▶ [WORK TO BE COMPLETED] Below are lines of data, and only some are wanted. Please repeat exactly those from the line that has "#140=EDGE_LOOP('',(#131,#132,#138,#139));" through the line that has "#198=EDGE_LOOP('',(#194,#195,#196,#197));".

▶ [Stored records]
——————

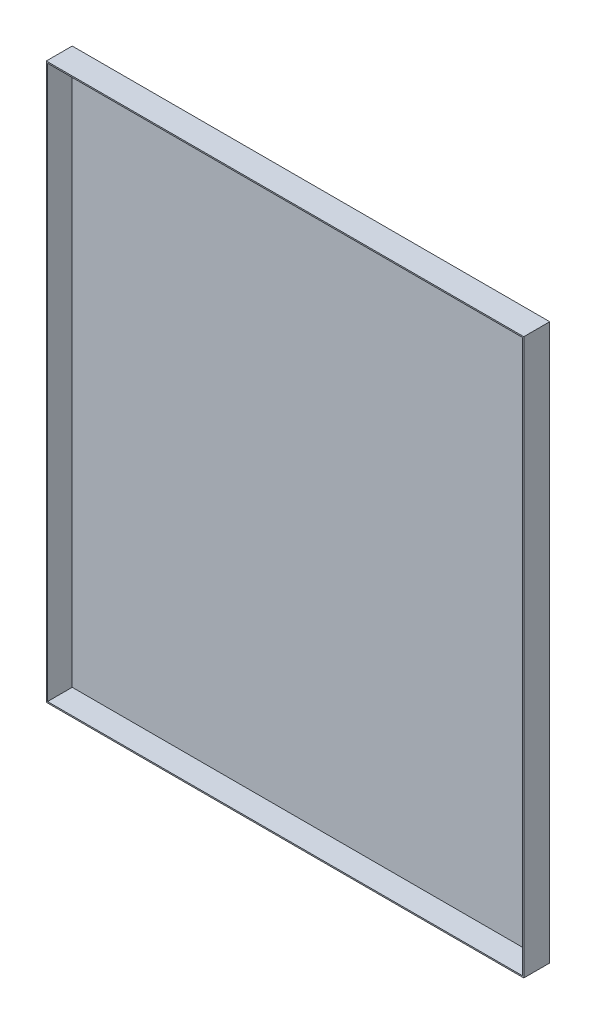
ISO-10303-21;
HEADER;
FILE_DESCRIPTION(('STEP AP214'),'2;1');
FILE_NAME('part.step','',(''),(''),'','','');
FILE_SCHEMA(('AUTOMOTIVE_DESIGN { 1 0 10303 214 1 1 1 1 }'));
ENDSEC;
DATA;
#1=APPLICATION_CONTEXT('core data for automotive mechanical design processes');
#2=APPLICATION_PROTOCOL_DEFINITION('international standard','automotive_design',2000,#1);
#3=PRODUCT_CONTEXT('',#1,'mechanical');
#4=PRODUCT('Part','Part','',(#3));
#5=PRODUCT_RELATED_PRODUCT_CATEGORY('part','',(#4));
#6=PRODUCT_DEFINITION_FORMATION('','',#4);
#7=PRODUCT_DEFINITION_CONTEXT('part definition',#1,'design');
#8=PRODUCT_DEFINITION('design','',#6,#7);
#9=PRODUCT_DEFINITION_SHAPE('','',#8);
#10=(LENGTH_UNIT() NAMED_UNIT(*) SI_UNIT(.MILLI.,.METRE.));
#11=(NAMED_UNIT(*) PLANE_ANGLE_UNIT() SI_UNIT($,.RADIAN.));
#12=(NAMED_UNIT(*) SI_UNIT($,.STERADIAN.) SOLID_ANGLE_UNIT());
#13=UNCERTAINTY_MEASURE_WITH_UNIT(LENGTH_MEASURE(1.E-05),#10,'distance_accuracy_value','');
#14=(GEOMETRIC_REPRESENTATION_CONTEXT(3) GLOBAL_UNCERTAINTY_ASSIGNED_CONTEXT((#13)) GLOBAL_UNIT_ASSIGNED_CONTEXT((#10,
#11,#12)) REPRESENTATION_CONTEXT('',''));
#15=CARTESIAN_POINT('',(0.,0.,0.));
#16=DIRECTION('',(0.,0.,1.));
#17=DIRECTION('',(1.,0.,0.));
#18=AXIS2_PLACEMENT_3D('',#15,#16,#17);
#19=CARTESIAN_POINT('',(184.,214.,20.));
#20=DIRECTION('',(-1.,0.,0.));
#21=DIRECTION('',(0.,-1.,0.));
#22=AXIS2_PLACEMENT_3D('',#19,#20,#21);
#23=PLANE('',#22);
#24=DIRECTION('',(0.,1.,0.));
#25=VECTOR('',#24,1.);
#26=CARTESIAN_POINT('',(184.,214.,0.));
#27=LINE('',#26,#25);
#28=CARTESIAN_POINT('',(184.,-214.,0.));
#29=VERTEX_POINT('',#28);
#30=CARTESIAN_POINT('',(184.,214.,0.));
#31=VERTEX_POINT('',#30);
#32=EDGE_CURVE('E167',#29,#31,#27,.T.);
#33=ORIENTED_EDGE('',*,*,#32,.T.);
#34=DIRECTION('',(0.,0.,-1.));
#35=VECTOR('',#34,1.);
#36=CARTESIAN_POINT('',(184.,214.,20.));
#37=LINE('',#36,#35);
#38=CARTESIAN_POINT('',(184.,214.,20.));
#39=VERTEX_POINT('',#38);
#40=EDGE_CURVE('E11',#39,#31,#37,.T.);
#41=ORIENTED_EDGE('',*,*,#40,.F.);
#42=DIRECTION('',(0.,1.,0.));
#43=VECTOR('',#42,1.);
#44=CARTESIAN_POINT('',(184.,214.,20.));
#45=LINE('',#44,#43);
#46=CARTESIAN_POINT('',(184.,-214.,20.));
#47=VERTEX_POINT('',#46);
#48=EDGE_CURVE('E156',#47,#39,#45,.T.);
#49=ORIENTED_EDGE('',*,*,#48,.F.);
#50=DIRECTION('',(0.,0.,-1.));
#51=VECTOR('',#50,1.);
#52=CARTESIAN_POINT('',(184.,-214.,20.));
#53=LINE('',#52,#51);
#54=EDGE_CURVE('E166',#47,#29,#53,.T.);
#55=ORIENTED_EDGE('',*,*,#54,.T.);
#56=EDGE_LOOP('',(#33,#41,#49,#55));
#57=FACE_BOUND('',#56,.T.);
#58=ADVANCED_FACE('F39',(#57),#23,.F.);
#59=CARTESIAN_POINT('',(-184.,214.,20.));
#60=DIRECTION('',(0.,-1.,0.));
#61=DIRECTION('',(0.,0.,-1.));
#62=AXIS2_PLACEMENT_3D('',#59,#60,#61);
#63=PLANE('',#62);
#64=DIRECTION('',(-1.,0.,0.));
#65=VECTOR('',#64,1.);
#66=CARTESIAN_POINT('',(-184.,214.,0.));
#67=LINE('',#66,#65);
#68=CARTESIAN_POINT('',(-184.,214.,0.));
#69=VERTEX_POINT('',#68);
#70=EDGE_CURVE('E171',#31,#69,#67,.T.);
#71=ORIENTED_EDGE('',*,*,#70,.T.);
#72=DIRECTION('',(0.,0.,-1.));
#73=VECTOR('',#72,1.);
#74=CARTESIAN_POINT('',(-184.,214.,20.));
#75=LINE('',#74,#73);
#76=CARTESIAN_POINT('',(-184.,214.,20.));
#77=VERTEX_POINT('',#76);
#78=EDGE_CURVE('E47',#77,#69,#75,.T.);
#79=ORIENTED_EDGE('',*,*,#78,.F.);
#80=DIRECTION('',(-1.,0.,0.));
#81=VECTOR('',#80,1.);
#82=CARTESIAN_POINT('',(-184.,214.,20.));
#83=LINE('',#82,#81);
#84=EDGE_CURVE('E91',#39,#77,#83,.T.);
#85=ORIENTED_EDGE('',*,*,#84,.F.);
#86=ORIENTED_EDGE('',*,*,#40,.T.);
#87=EDGE_LOOP('',(#71,#79,#85,#86));
#88=FACE_BOUND('',#87,.T.);
#89=ADVANCED_FACE('F206',(#88),#63,.F.);
#90=CARTESIAN_POINT('',(-184.,214.,20.));
#91=DIRECTION('',(1.,0.,0.));
#92=DIRECTION('',(0.,1.,0.));
#93=AXIS2_PLACEMENT_3D('',#90,#91,#92);
#94=PLANE('',#93);
#95=DIRECTION('',(0.,-1.,0.));
#96=VECTOR('',#95,1.);
#97=CARTESIAN_POINT('',(-184.,214.,0.));
#98=LINE('',#97,#96);
#99=CARTESIAN_POINT('',(-184.,-214.,0.));
#100=VERTEX_POINT('',#99);
#101=EDGE_CURVE('E174',#69,#100,#98,.T.);
#102=ORIENTED_EDGE('',*,*,#101,.T.);
#103=DIRECTION('',(0.,0.,-1.));
#104=VECTOR('',#103,1.);
#105=CARTESIAN_POINT('',(-184.,-214.,20.));
#106=LINE('',#105,#104);
#107=CARTESIAN_POINT('',(-184.,-214.,20.));
#108=VERTEX_POINT('',#107);
#109=EDGE_CURVE('E181',#108,#100,#106,.T.);
#110=ORIENTED_EDGE('',*,*,#109,.F.);
#111=DIRECTION('',(0.,-1.,0.));
#112=VECTOR('',#111,1.);
#113=CARTESIAN_POINT('',(-184.,214.,20.));
#114=LINE('',#113,#112);
#115=EDGE_CURVE('E161',#77,#108,#114,.T.);
#116=ORIENTED_EDGE('',*,*,#115,.F.);
#117=ORIENTED_EDGE('',*,*,#78,.T.);
#118=EDGE_LOOP('',(#102,#110,#116,#117));
#119=FACE_BOUND('',#118,.T.);
#120=ADVANCED_FACE('F188',(#119),#94,.F.);
#121=CARTESIAN_POINT('',(-184.,-214.,20.));
#122=DIRECTION('',(0.,1.,0.));
#123=DIRECTION('',(0.,0.,1.));
#124=AXIS2_PLACEMENT_3D('',#121,#122,#123);
#125=PLANE('',#124);
#126=DIRECTION('',(1.,0.,0.));
#127=VECTOR('',#126,1.);
#128=CARTESIAN_POINT('',(-184.,-214.,0.));
#129=LINE('',#128,#127);
#130=EDGE_CURVE('E84',#100,#29,#129,.T.);
#131=ORIENTED_EDGE('',*,*,#130,.T.);
#132=ORIENTED_EDGE('',*,*,#54,.F.);
#133=DIRECTION('',(1.,0.,0.));
#134=VECTOR('',#133,1.);
#135=CARTESIAN_POINT('',(-184.,-214.,20.));
#136=LINE('',#135,#134);
#137=EDGE_CURVE('E63',#108,#47,#136,.T.);
#138=ORIENTED_EDGE('',*,*,#137,.F.);
#139=ORIENTED_EDGE('',*,*,#109,.T.);
#140=EDGE_LOOP('',(#131,#132,#138,#139));
#141=FACE_BOUND('',#140,.T.);
#142=ADVANCED_FACE('F196',(#141),#125,.F.);
#143=CARTESIAN_POINT('',(0.,0.,20.));
#144=DIRECTION('',(0.,0.,1.));
#145=DIRECTION('',(1.,0.,0.));
#146=AXIS2_PLACEMENT_3D('',#143,#144,#145);
#147=PLANE('',#146);
#148=DIRECTION('',(0.,1.,0.));
#149=VECTOR('',#148,1.);
#150=CARTESIAN_POINT('',(183.,214.,20.));
#151=LINE('',#150,#149);
#152=CARTESIAN_POINT('',(183.,-213.,20.));
#153=VERTEX_POINT('',#152);
#154=CARTESIAN_POINT('',(183.,213.,20.));
#155=VERTEX_POINT('',#154);
#156=EDGE_CURVE('E140',#153,#155,#151,.T.);
#157=ORIENTED_EDGE('',*,*,#156,.F.);
#158=DIRECTION('',(1.,0.,0.));
#159=VECTOR('',#158,1.);
#160=CARTESIAN_POINT('',(-184.,-213.,20.));
#161=LINE('',#160,#159);
#162=CARTESIAN_POINT('',(-183.,-213.,20.));
#163=VERTEX_POINT('',#162);
#164=EDGE_CURVE('E153',#163,#153,#161,.T.);
#165=ORIENTED_EDGE('',*,*,#164,.F.);
#166=DIRECTION('',(0.,-1.,0.));
#167=VECTOR('',#166,1.);
#168=CARTESIAN_POINT('',(-183.,214.,20.));
#169=LINE('',#168,#167);
#170=CARTESIAN_POINT('',(-183.,213.,20.));
#171=VERTEX_POINT('',#170);
#172=EDGE_CURVE('E150',#171,#163,#169,.T.);
#173=ORIENTED_EDGE('',*,*,#172,.F.);
#174=DIRECTION('',(-1.,0.,0.));
#175=VECTOR('',#174,1.);
#176=CARTESIAN_POINT('',(-184.,213.,20.));
#177=LINE('',#176,#175);
#178=EDGE_CURVE('E129',#155,#171,#177,.T.);
#179=ORIENTED_EDGE('',*,*,#178,.F.);
#180=EDGE_LOOP('',(#157,#165,#173,#179));
#181=FACE_BOUND('',#180,.T.);
#182=ORIENTED_EDGE('',*,*,#48,.T.);
#183=ORIENTED_EDGE('',*,*,#84,.T.);
#184=ORIENTED_EDGE('',*,*,#115,.T.);
#185=ORIENTED_EDGE('',*,*,#137,.T.);
#186=EDGE_LOOP('',(#182,#183,#184,#185));
#187=FACE_BOUND('',#186,.T.);
#188=ADVANCED_FACE('F198',(#181,#187),#147,.T.);
#189=CARTESIAN_POINT('',(0.,0.,0.));
#190=DIRECTION('',(0.,0.,1.));
#191=DIRECTION('',(1.,0.,0.));
#192=AXIS2_PLACEMENT_3D('',#189,#190,#191);
#193=PLANE('',#192);
#194=ORIENTED_EDGE('',*,*,#32,.F.);
#195=ORIENTED_EDGE('',*,*,#130,.F.);
#196=ORIENTED_EDGE('',*,*,#101,.F.);
#197=ORIENTED_EDGE('',*,*,#70,.F.);
#198=EDGE_LOOP('',(#194,#195,#196,#197));
#199=FACE_BOUND('',#198,.T.);
#200=ADVANCED_FACE('F192',(#199),#193,.F.);
#201=CARTESIAN_POINT('',(183.,214.,20.));
#202=DIRECTION('',(-1.,0.,0.));
#203=DIRECTION('',(0.,-1.,0.));
#204=AXIS2_PLACEMENT_3D('',#201,#202,#203);
#205=PLANE('',#204);
#206=DIRECTION('',(0.,1.,0.));
#207=VECTOR('',#206,1.);
#208=CARTESIAN_POINT('',(183.,214.,1.));
#209=LINE('',#208,#207);
#210=CARTESIAN_POINT('',(183.,-213.,1.));
#211=VERTEX_POINT('',#210);
#212=CARTESIAN_POINT('',(183.,213.,1.));
#213=VERTEX_POINT('',#212);
#214=EDGE_CURVE('E119',#211,#213,#209,.T.);
#215=ORIENTED_EDGE('',*,*,#214,.F.);
#216=DIRECTION('',(0.,0.,-1.));
#217=VECTOR('',#216,1.);
#218=CARTESIAN_POINT('',(183.,-213.,20.));
#219=LINE('',#218,#217);
#220=EDGE_CURVE('E144',#153,#211,#219,.T.);
#221=ORIENTED_EDGE('',*,*,#220,.F.);
#222=ORIENTED_EDGE('',*,*,#156,.T.);
#223=DIRECTION('',(0.,0.,-1.));
#224=VECTOR('',#223,1.);
#225=CARTESIAN_POINT('',(183.,213.,20.));
#226=LINE('',#225,#224);
#227=EDGE_CURVE('E133',#155,#213,#226,.T.);
#228=ORIENTED_EDGE('',*,*,#227,.T.);
#229=EDGE_LOOP('',(#215,#221,#222,#228));
#230=FACE_BOUND('',#229,.T.);
#231=ADVANCED_FACE('F233',(#230),#205,.T.);
#232=CARTESIAN_POINT('',(-184.,213.,20.));
#233=DIRECTION('',(0.,-1.,0.));
#234=DIRECTION('',(0.,0.,-1.));
#235=AXIS2_PLACEMENT_3D('',#232,#233,#234);
#236=PLANE('',#235);
#237=DIRECTION('',(-1.,0.,0.));
#238=VECTOR('',#237,1.);
#239=CARTESIAN_POINT('',(-184.,213.,1.));
#240=LINE('',#239,#238);
#241=CARTESIAN_POINT('',(-183.,213.,1.));
#242=VERTEX_POINT('',#241);
#243=EDGE_CURVE('E113',#213,#242,#240,.T.);
#244=ORIENTED_EDGE('',*,*,#243,.F.);
#245=ORIENTED_EDGE('',*,*,#227,.F.);
#246=ORIENTED_EDGE('',*,*,#178,.T.);
#247=DIRECTION('',(0.,0.,-1.));
#248=VECTOR('',#247,1.);
#249=CARTESIAN_POINT('',(-183.,213.,20.));
#250=LINE('',#249,#248);
#251=EDGE_CURVE('E126',#171,#242,#250,.T.);
#252=ORIENTED_EDGE('',*,*,#251,.T.);
#253=EDGE_LOOP('',(#244,#245,#246,#252));
#254=FACE_BOUND('',#253,.T.);
#255=ADVANCED_FACE('F127',(#254),#236,.T.);
#256=CARTESIAN_POINT('',(-183.,214.,20.));
#257=DIRECTION('',(1.,0.,0.));
#258=DIRECTION('',(0.,1.,0.));
#259=AXIS2_PLACEMENT_3D('',#256,#257,#258);
#260=PLANE('',#259);
#261=DIRECTION('',(0.,-1.,0.));
#262=VECTOR('',#261,1.);
#263=CARTESIAN_POINT('',(-183.,214.,1.));
#264=LINE('',#263,#262);
#265=CARTESIAN_POINT('',(-183.,-213.,1.));
#266=VERTEX_POINT('',#265);
#267=EDGE_CURVE('E117',#242,#266,#264,.T.);
#268=ORIENTED_EDGE('',*,*,#267,.F.);
#269=ORIENTED_EDGE('',*,*,#251,.F.);
#270=ORIENTED_EDGE('',*,*,#172,.T.);
#271=DIRECTION('',(0.,0.,-1.));
#272=VECTOR('',#271,1.);
#273=CARTESIAN_POINT('',(-183.,-213.,20.));
#274=LINE('',#273,#272);
#275=EDGE_CURVE('E54',#163,#266,#274,.T.);
#276=ORIENTED_EDGE('',*,*,#275,.T.);
#277=EDGE_LOOP('',(#268,#269,#270,#276));
#278=FACE_BOUND('',#277,.T.);
#279=ADVANCED_FACE('F135',(#278),#260,.T.);
#280=CARTESIAN_POINT('',(-184.,-213.,20.));
#281=DIRECTION('',(0.,1.,0.));
#282=DIRECTION('',(0.,0.,1.));
#283=AXIS2_PLACEMENT_3D('',#280,#281,#282);
#284=PLANE('',#283);
#285=DIRECTION('',(1.,0.,0.));
#286=VECTOR('',#285,1.);
#287=CARTESIAN_POINT('',(-184.,-213.,1.));
#288=LINE('',#287,#286);
#289=EDGE_CURVE('E137',#266,#211,#288,.T.);
#290=ORIENTED_EDGE('',*,*,#289,.F.);
#291=ORIENTED_EDGE('',*,*,#275,.F.);
#292=ORIENTED_EDGE('',*,*,#164,.T.);
#293=ORIENTED_EDGE('',*,*,#220,.T.);
#294=EDGE_LOOP('',(#290,#291,#292,#293));
#295=FACE_BOUND('',#294,.T.);
#296=ADVANCED_FACE('F263',(#295),#284,.T.);
#297=CARTESIAN_POINT('',(0.,0.,1.));
#298=DIRECTION('',(0.,0.,1.));
#299=DIRECTION('',(1.,0.,0.));
#300=AXIS2_PLACEMENT_3D('',#297,#298,#299);
#301=PLANE('',#300);
#302=ORIENTED_EDGE('',*,*,#214,.T.);
#303=ORIENTED_EDGE('',*,*,#243,.T.);
#304=ORIENTED_EDGE('',*,*,#267,.T.);
#305=ORIENTED_EDGE('',*,*,#289,.T.);
#306=EDGE_LOOP('',(#302,#303,#304,#305));
#307=FACE_BOUND('',#306,.T.);
#308=ADVANCED_FACE('F115',(#307),#301,.T.);
#309=CLOSED_SHELL('',(#58,#89,#120,#142,#188,#200,#231,#255,#279,#296,#308));
#310=MANIFOLD_SOLID_BREP('B2',#309);
#311=ADVANCED_BREP_SHAPE_REPRESENTATION('',(#18,#310),#14);
#312=SHAPE_DEFINITION_REPRESENTATION(#9,#311);
ENDSEC;
END-ISO-10303-21;

——————

▶ [RESPONSE TO THIS EXERCISE]
#140=EDGE_LOOP('',(#131,#132,#138,#139));
#141=FACE_BOUND('',#140,.T.);
#142=ADVANCED_FACE('F196',(#141),#125,.F.);
#143=CARTESIAN_POINT('',(0.,0.,20.));
#144=DIRECTION('',(0.,0.,1.));
#145=DIRECTION('',(1.,0.,0.));
#146=AXIS2_PLACEMENT_3D('',#143,#144,#145);
#147=PLANE('',#146);
#148=DIRECTION('',(0.,1.,0.));
#149=VECTOR('',#148,1.);
#150=CARTESIAN_POINT('',(183.,214.,20.));
#151=LINE('',#150,#149);
#152=CARTESIAN_POINT('',(183.,-213.,20.));
#153=VERTEX_POINT('',#152);
#154=CARTESIAN_POINT('',(183.,213.,20.));
#155=VERTEX_POINT('',#154);
#156=EDGE_CURVE('E140',#153,#155,#151,.T.);
#157=ORIENTED_EDGE('',*,*,#156,.F.);
#158=DIRECTION('',(1.,0.,0.));
#159=VECTOR('',#158,1.);
#160=CARTESIAN_POINT('',(-184.,-213.,20.));
#161=LINE('',#160,#159);
#162=CARTESIAN_POINT('',(-183.,-213.,20.));
#163=VERTEX_POINT('',#162);
#164=EDGE_CURVE('E153',#163,#153,#161,.T.);
#165=ORIENTED_EDGE('',*,*,#164,.F.);
#166=DIRECTION('',(0.,-1.,0.));
#167=VECTOR('',#166,1.);
#168=CARTESIAN_POINT('',(-183.,214.,20.));
#169=LINE('',#168,#167);
#170=CARTESIAN_POINT('',(-183.,213.,20.));
#171=VERTEX_POINT('',#170);
#172=EDGE_CURVE('E150',#171,#163,#169,.T.);
#173=ORIENTED_EDGE('',*,*,#172,.F.);
#174=DIRECTION('',(-1.,0.,0.));
#175=VECTOR('',#174,1.);
#176=CARTESIAN_POINT('',(-184.,213.,20.));
#177=LINE('',#176,#175);
#178=EDGE_CURVE('E129',#155,#171,#177,.T.);
#179=ORIENTED_EDGE('',*,*,#178,.F.);
#180=EDGE_LOOP('',(#157,#165,#173,#179));
#181=FACE_BOUND('',#180,.T.);
#182=ORIENTED_EDGE('',*,*,#48,.T.);
#183=ORIENTED_EDGE('',*,*,#84,.T.);
#184=ORIENTED_EDGE('',*,*,#115,.T.);
#185=ORIENTED_EDGE('',*,*,#137,.T.);
#186=EDGE_LOOP('',(#182,#183,#184,#185));
#187=FACE_BOUND('',#186,.T.);
#188=ADVANCED_FACE('F198',(#181,#187),#147,.T.);
#189=CARTESIAN_POINT('',(0.,0.,0.));
#190=DIRECTION('',(0.,0.,1.));
#191=DIRECTION('',(1.,0.,0.));
#192=AXIS2_PLACEMENT_3D('',#189,#190,#191);
#193=PLANE('',#192);
#194=ORIENTED_EDGE('',*,*,#32,.F.);
#195=ORIENTED_EDGE('',*,*,#130,.F.);
#196=ORIENTED_EDGE('',*,*,#101,.F.);
#197=ORIENTED_EDGE('',*,*,#70,.F.);
#198=EDGE_LOOP('',(#194,#195,#196,#197));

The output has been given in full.